Together, those previously published studies provided the authors a pool of more than 500,000 psychologically healthy people of diverse ages, ethnicities and socioeconomic groups.
All of the studies included in this review found that happiness was positively associated with physical activity. Generally, the type of exercise did not equal to more or less happiness, so long as the person was physically active.
People who exercised for at least 30 minutes several days out of the week were roughly 30 percent more likely to consider themselves happy compared to those who put in less time, researchers found.
Prior research has also found that engaging in more physical activity can significantly decrease your odds of developing depression.
The authors of the study warn that there is still much research to be done on whether there is an optimal dose of physical activity for the improvement of happiness.
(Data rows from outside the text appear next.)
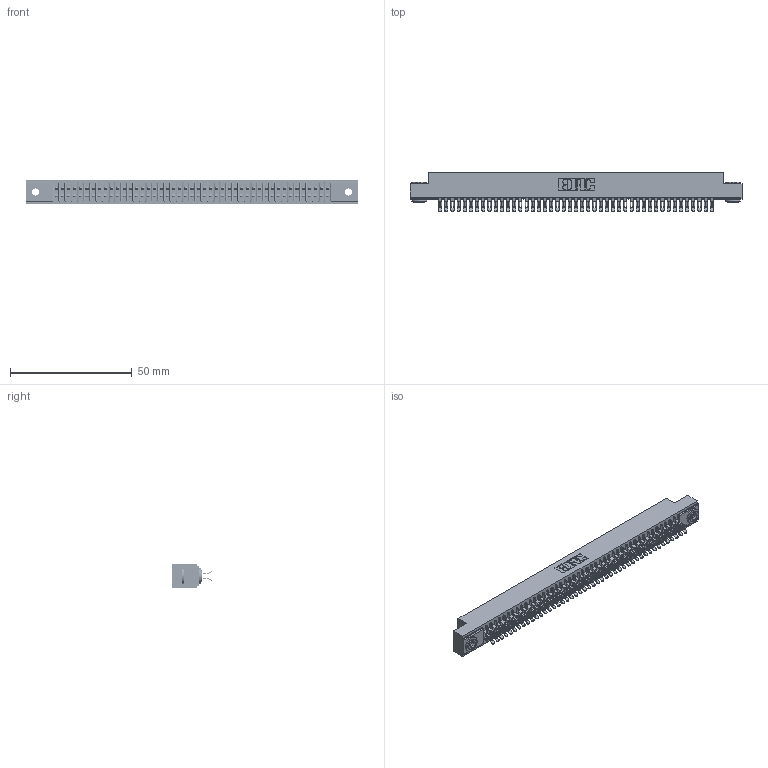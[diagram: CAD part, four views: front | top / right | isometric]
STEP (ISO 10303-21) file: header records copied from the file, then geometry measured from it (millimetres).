
FILE_DESCRIPTION (( 'STEP AP203' ), '1' );
FILE_NAME ('341-090-555-203.STEP', '2018-08-08T00:13:14', ( '' ), ( '' ), 'SwSTEP 2.0', 'SolidWorks 2016', '' );
FILE_SCHEMA (( 'CONFIG_CONTROL_DESIGN' ));
Length unit declared in the file: inch
Products named in the file (4): 341 Part_.156 (3.96) Dia Mounting Holes; 341-292-001_341-292-155; 345-250-002_345-250-002-102; 341-090-555-203
Assembly tree (93 placements, depth 2):
  341-090-555-203
    341 Part_.156 (3.96) Dia Mounting Holes
    341-292-001_341-292-155  x90
    345-250-002_345-250-002-102  x2
Bounding box: 136.53 x 16.31 x 10.16 mm (x, y, z)
Volume: 10200 mm3; surface area: 19179.8 mm2
Topology: 93 solids, 93 shells, 7188 faces, 21443 edges, 13958 vertices
Faces by surface type: plane 3872, cylinder 3128, sphere 92, torus 88, cone 8
Entity records: 55595 total; most frequent: CARTESIAN_POINT 9238, ORIENTED_EDGE 9162, DIRECTION 8969, EDGE_CURVE 4581, LINE 3679, VECTOR 3679, VERTEX_POINT 2898, AXIS2_PLACEMENT_3D 2645
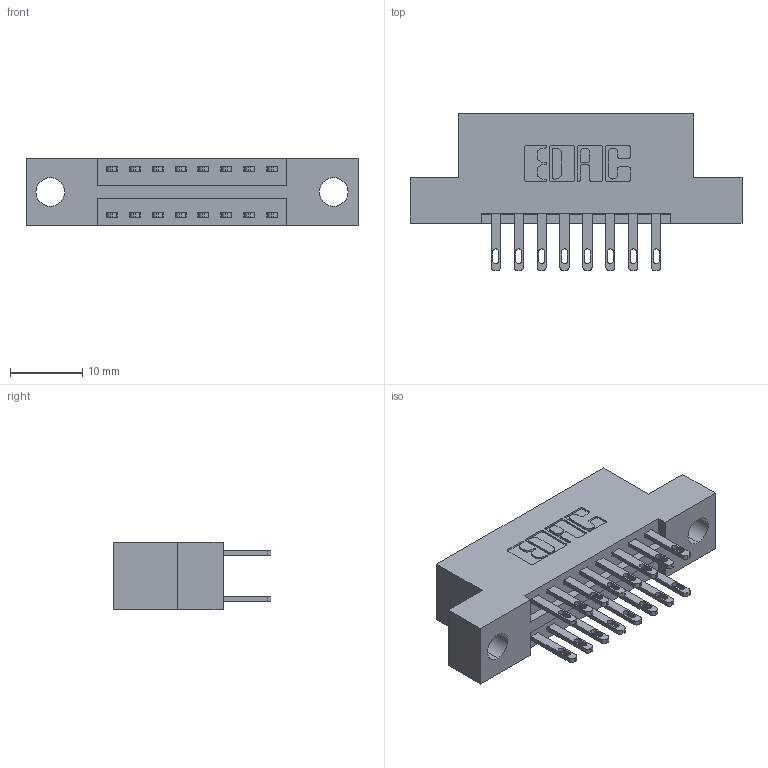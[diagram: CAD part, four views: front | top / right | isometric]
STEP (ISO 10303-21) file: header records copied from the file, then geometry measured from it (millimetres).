
FILE_DESCRIPTION (( 'STEP AP203' ), '1' );
FILE_NAME ('346-016-500-204.STEP', '2022-05-18T15:13:28', ( '' ), ( '' ), 'SwSTEP 2.0', 'SolidWorks 2020', '' );
FILE_SCHEMA (( 'CONFIG_CONTROL_DESIGN' ));
Length unit declared in the file: inch
Products named in the file (3): 346 Part_Flush Mounting Lugs - 0.156 Dia-TH; 346-016-500-204; 345-292-001_345-293-100
Assembly tree (17 placements, depth 2):
  346-016-500-204
    346 Part_Flush Mounting Lugs - 0.156 Dia-TH
    345-292-001_345-293-100  x16
Bounding box: 45.97 x 21.84 x 9.4 mm (x, y, z)
Volume: 4161.9 mm3; surface area: 5201.8 mm2
Topology: 17 solids, 17 shells, 904 faces, 2717 edges, 1810 vertices
Faces by surface type: plane 554, cylinder 350
Entity records: 10147 total; most frequent: CARTESIAN_POINT 1722, ORIENTED_EDGE 1654, DIRECTION 1571, EDGE_CURVE 827, VECTOR 659, LINE 659, VERTEX_POINT 550, AXIS2_PLACEMENT_3D 456

But the implications of future research could help support the use of physical activity as a preventative or curative approach for mental disorders. Still, the researchers are certain that there's a consistent positive relationship between the two.
Many of today's most influential people, including Richard Branson, Mark Zuckerberg, Oprah Winfrey and Mark Cuban credit part of their success and happiness to being physically active.
Worried you don't have time to reap the mood-lifting benefits of exercise? You might want to take a cue from entrepreneur Tony Robbins, who squeezes an intense 15-minute workout into his daily schedule, or author Tim Ferriss, who does his workouts in as little as 20 minutes.